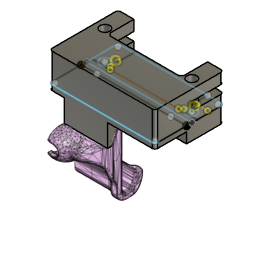
chase_mount (Autodesk Fusion 360 design; units mm, degrees)
Autodesk Fusion 360 part; units mm, degrees
note: some values were not read from the file. Set by a fixed rule: which sketch regions a step uses.
sketch "Sketch1" plane through (0, 0, 0) normal (0, 0, 1) x (1, 0, 0)
  line L0 (-15, 10) -> (-20, 10)
  line L1 (-20, 9) -> (-20, 1)
  line L2 (20, 1) -> (20, 10)
  line L3 (-19, 10) -> (-16.5, 10) construction
  line L4 (-16.5, 10) -> (-16.5, 6.5) construction
  line L5 (-16.5, 6.5) -> (-20, 6.5) construction
  line L6 (-20, 6.5) -> (-20, 10) construction
  line L7 (20, 10) -> (16.5, 10) construction
  line L8 (16.5, 10) -> (16.5, 6.5) construction
  line L9 (16.5, 6.5) -> (20, 6.5) construction
  line L10 (20, 6.5) -> (20, 9) construction
  circle A0 centre (-16.5, 6.5) radius 1.7
  circle A1 centre (16.5, 6.5) radius 1.7
  arc A2 (-19, 10) -> (-20, 9) centre (-19, 9) ccw
  arc A3 (20, 9) -> (19, 10) centre (19, 9) ccw
  line L11 (13, 5) -> (-13, 5)
  line L12 (-14, 6) -> (-14, 9)
  line L13 (14, 9) -> (14, 6)
  arc A4 (-14, 9) -> (-15, 10) centre (-15, 9) ccw
  line L14 (19, 10) -> (15, 10)
  arc A5 (15, 10) -> (14, 9) centre (15, 9) ccw
  line L15 (-14, 6) -> (-13, 5)
  line L16 (13, 5) -> (14, 6)
  line L17 (-19, 0) -> (19, 0)
  line L18 (20, 10) -> (0, 0) construction
  line L19 (-20, 10) -> (0, 0) construction
  arc A6 (-20, 1) -> (-19, 0) centre (-19, 1) ccw
  arc A7 (19, 0) -> (20, 1) centre (19, 1) ccw
  point P0 (14, 5)
  point P1 (-14, 5)
  dimension "d3" = 3.5
  dimension "d4" = 3.5
  dimension "d5" = 3.5
  dimension "d6" = 3.5
  dimension "d7" = 3.4
  dimension "d8" = 3.4
  dimension "d9" = 1
  dimension "d32" = 1
  dimension "d33" = 1
  dimension "d34" = 1
  dimension "d35" = 1
  dimension "d36" = 1
  dimension "d37" = 1
  dimension "d44" = 1
  constraint horizontal L0
  constraint perpendicular L0 L1
  constraint parallel L1 L2
  constraint coincident L19.end L18
  constraint coincident L18.end L19
  constraint coincident L18.end L19.end
  constraint horizontal L3
  constraint vertical L4
  constraint horizontal L5
  constraint vertical L6
  constraint horizontal L7
  constraint vertical L8
  constraint horizontal L9
  constraint vertical L10
  constraint coincident L4.end L5.start
  constraint coincident L8.end L9.start
  constraint coincident L0.end L3
  constraint coincident L0.end L1
  constraint tangent L3 A2
  constraint tangent L1 A2
  constraint coincident L2.end L0
  constraint coincident L2.end L10
  constraint tangent L0 A3
  constraint tangent L10 A3
  constraint equal A2 A3
  constraint horizontal L11
  constraint perpendicular L11 L12
  constraint parallel L12 L13
  constraint coincident L0 A3.end
  constraint tangent L0 A4
  constraint tangent L12 A4
  constraint tangent L13 A5
  constraint tangent L14 A5
  constraint coincident P1 L12
  constraint coincident P1 L11
  constraint coincident P0 L11
  constraint coincident P0 L13
  constraint perpendicular L2 L17
  constraint coincident L17 L18.end
  constraint tangent L1 A6
  constraint tangent L17 A6
  constraint tangent L17 A7
  constraint tangent L2 A7
  constraint equal A6 A7
  measures "d3" distance of L0.end L3.end
  measures "d4" distance of L0.end L5.end
  measures "d5" distance of L2.end L7.end
  measures "d6" distance of L2.end L9.end
  measures "d7" diameter of A0
  measures "d8" diameter of A1
  measures "d9" radius of A2
  measures "d32" radius of A4
  measures "d33" radius of A5
  measures "d34" distance of P1 L12.start
  measures "d35" distance of P1 L11.end
  measures "d36" distance of P0 L11.start
  measures "d37" distance of P0 L13.end
  measures "d44" radius of A6
extrude "Extrude2" [suppressed]
sketch "Sketch2" plane through (0, 0, 3) normal (0, 0, 1) x (-1, 0, 0)
  line L0 (-20, -1) -> (-20, -9)
  arc A0 (-20, -9) -> (-19, -10) centre (-19, -9) ccw
  line L1 (15, -10) -> (19, -10)
  arc A1 (19, -10) -> (20, -9) centre (19, -9) ccw
  line L2 (20, -9) -> (20, -1)
  line L3 (19, -15) -> (-19, -15)
  line L4 (-20, -14) -> (-20, -5)
  line L5 (20, -5) -> (20, -14)
  arc A2 (19, -15) -> (20, -14) centre (19, -14) ccw
  arc A3 (-20, -14) -> (-19, -15) centre (-19, -14) ccw
  circle A4 centre (16.5, -6.5) radius 1.875
  circle A5 centre (-16.5, -6.5) radius 1.875
  line L6 (14, 11) -> (-14, 11)
  line L7 (20, -5) -> (-20, -5)
  line L8 (14, -6) -> (14, -9)
  arc A6 (14, -9) -> (15, -10) centre (15, -9) ccw
  line L9 (-19, -10) -> (-15, -10)
  arc A7 (-15, -10) -> (-14, -9) centre (-15, -9) ccw
  line L10 (-14, -9) -> (-14, -6)
  line L11 (-14, -6) -> (-13, -5)
  line L12 (-13, -5) -> (13, -5)
  line L13 (13, -5) -> (14, -6)
  line L14 (14, 11) -> (19, 11)
  line L15 (20, 10) -> (20, -1)
  line L16 (-14, 11) -> (-19, 11)
  line L17 (-20, 10) -> (-20, -1)
  arc A8 (20, 10) -> (19, 11) centre (19, 10) ccw
  arc A9 (-19, 11) -> (-20, 10) centre (-19, 10) ccw
  line L18 (20, -1) -> (20, -3)
  line L19 (-20, -3) -> (-20, -1)
  line L20 (-20, -1) -> (20, -1)
  line L21 (-20, -5) -> (-20, -3)
  line L22 (20, -3) -> (-20, -3)
  line L23 (20, -5) -> (20, -3)
  line L24 (-14, -9) -> (-14, -15)
  line L25 (14, -8.4776) -> (14, -15)
  point P0 (-14, -1)
  point P1 (14, -1)
  dimension "d14" = 1
  dimension "d15" = 3.75
  dimension "d16" = 3.75
  dimension "d24" = 28
  dimension "d49" = 1
  constraint horizontal L3
  constraint vertical L4
  constraint vertical L5
  constraint midpoint L0 L4.end
  constraint tangent L3 A2
  constraint tangent L5 A2
  constraint tangent L3 A3
  constraint tangent L4 A3
  constraint equal A2 A3
  constraint perpendicular L0 L7
  constraint horizontal L14
  constraint vertical L15
  constraint coincident L2.end L15.end
  constraint horizontal L16
  constraint vertical L17
  constraint coincident L0.start L17.end
  constraint tangent L15 A8
  constraint tangent L14 A8
  constraint tangent L16 A9
  constraint tangent L17 A9
  constraint equal A8 A9
  constraint coincident L2 L18.end
  constraint perpendicular L7 L18
  constraint coincident L0 L19.start
  constraint perpendicular L7 L21
  constraint perpendicular L21 L22
  constraint coincident A7.end L10.start
  constraint tangent A7 L24
  constraint coincident L8 L25.start
  constraint coincident L3 L25.end
  constraint perpendicular L3 L25
  measures "d14" radius of A2
  measures "d15" diameter of A4
  measures "d16" diameter of A5
  measures "d24" distance of L6.start L6.end
  measures "d49" radius of A8
extrude "Extrude3" add sketch "Sketch2" along normal blind 11 and the other way blind -7 contours L0 L2 L18 L19 L20 L22 | L0 L2 A4 A5 L7 L12 L21 L22 L23 | L0 A0 L4 A5 L7 L9 A7 L10 L11 | A0 L3 L4 A3 L9 A7 L24 | L1 A1 L2 L5 A4 L7 L8 A6 L13 L25 | L1 A1 L3 L5 A2 A6 L25 makes body 1
other "Base Mesh Feature2"
other "Scale1"
other "Modify1"
other "Modify2"
other "Modify3"
extrude "Extrude5" add sketch "Sketch2" against normal blind 2 contours L6 L14 L15 L16 L17 A8 A9 L20 makes body 2
other "Modify4"
sketch "Sketch5" plane through (-20, 0, 0) normal (-1, 0, 0) x (0, -1, 0)
  line L0 (-1, 1) -> (10, 1)
  line L1 (10, 1) -> (10, 3)
  line L2 (10, 3) -> (-1, 3)
  line L3 (6.1406, 1) -> (6.1406, -3.7684)
  line L4 (6.1406, -3.7684) -> (9, -7.5)
  line L5 (9, -7.5) -> (11, -7.5)
  line L6 (11, -7.5) -> (11, 1)
  line L7 (11, 1) -> (6.1406, 1)
  line L8 (0, 1) -> (1.1368, 1)
  line L9 (0, -1) -> (0, 1)
  line L10 (1.1368, 1) -> (0, -1)
  line L11 (-1, 3) -> (-1, 1)
  constraint coincident L0 L3.start
  constraint perpendicular L0 L3
  constraint perpendicular L3 L5
  constraint perpendicular L0 L6
  constraint perpendicular L3 L7
  constraint coincident L0 L8.start
  constraint coincident L0 L8.end
  constraint perpendicular L8 L9
extrude "Extrude7" add sketch "Sketch5" along normal blind -22 and the other way blind 5.6 contours L0 L8 L9 L10 | L0 L3 L4 L5 L6 L7 bodies 2
extrude "Extrude8" add sketch "Sketch2" along normal blind 11 contours L6 L14 L15 L16 L17 A8 A9 L20 bodies 1 2
extrude "Extrude9" add sketch "Sketch2" along normal blind 7 and the other way blind 6 contours L0 L2 L18 L19 L20 L22 bodies 1
extrude "Extrude10" add sketch "Sketch2" along normal blind 3.8 and the other way blind 6 contours L0 L2 A4 A5 L7 L12 L21 L22 L23 | L0 A0 L4 A5 L7 L9 A7 L10 L11 | A0 L3 L4 A3 L9 A7 L24 | L1 A1 L2 L5 A4 L7 L8 A6 L13 L25 | L1 A1 L3 L5 A2 A6 L25 bodies 1
other "Scale2"
other "Modify5"
equation "d35 = d34"
equation "d37 = d36"

■ **What is needed**: All that is wanted is the stretch of lines above from the one containing "constraint coincident L0.start L17.end" through the one containing "constraint coincident L0 L3.start", duplicated exactly.

■ **Answer space**:
  constraint coincident L0.start L17.end
  constraint tangent L15 A8
  constraint tangent L14 A8
  constraint tangent L16 A9
  constraint tangent L17 A9
  constraint equal A8 A9
  constraint coincident L2 L18.end
  constraint perpendicular L7 L18
  constraint coincident L0 L19.start
  constraint perpendicular L7 L21
  constraint perpendicular L21 L22
  constraint coincident A7.end L10.start
  constraint tangent A7 L24
  constraint coincident L8 L25.start
  constraint coincident L3 L25.end
  constraint perpendicular L3 L25
  measures "d14" radius of A2
  measures "d15" diameter of A4
  measures "d16" diameter of A5
  measures "d24" distance of L6.start L6.end
  measures "d49" radius of A8
extrude "Extrude3" add sketch "Sketch2" along normal blind 11 and the other way blind -7 contours L0 L2 L18 L19 L20 L22 | L0 L2 A4 A5 L7 L12 L21 L22 L23 | L0 A0 L4 A5 L7 L9 A7 L10 L11 | A0 L3 L4 A3 L9 A7 L24 | L1 A1 L2 L5 A4 L7 L8 A6 L13 L25 | L1 A1 L3 L5 A2 A6 L25 makes body 1
other "Base Mesh Feature2"
other "Scale1"
other "Modify1"
other "Modify2"
other "Modify3"
extrude "Extrude5" add sketch "Sketch2" against normal blind 2 contours L6 L14 L15 L16 L17 A8 A9 L20 makes body 2
other "Modify4"
sketch "Sketch5" plane through (-20, 0, 0) normal (-1, 0, 0) x (0, -1, 0)
  line L0 (-1, 1) -> (10, 1)
  line L1 (10, 1) -> (10, 3)
  line L2 (10, 3) -> (-1, 3)
  line L3 (6.1406, 1) -> (6.1406, -3.7684)
  line L4 (6.1406, -3.7684) -> (9, -7.5)
  line L5 (9, -7.5) -> (11, -7.5)
  line L6 (11, -7.5) -> (11, 1)
  line L7 (11, 1) -> (6.1406, 1)
  line L8 (0, 1) -> (1.1368, 1)
  line L9 (0, -1) -> (0, 1)
  line L10 (1.1368, 1) -> (0, -1)
  line L11 (-1, 3) -> (-1, 1)
  constraint coincident L0 L3.start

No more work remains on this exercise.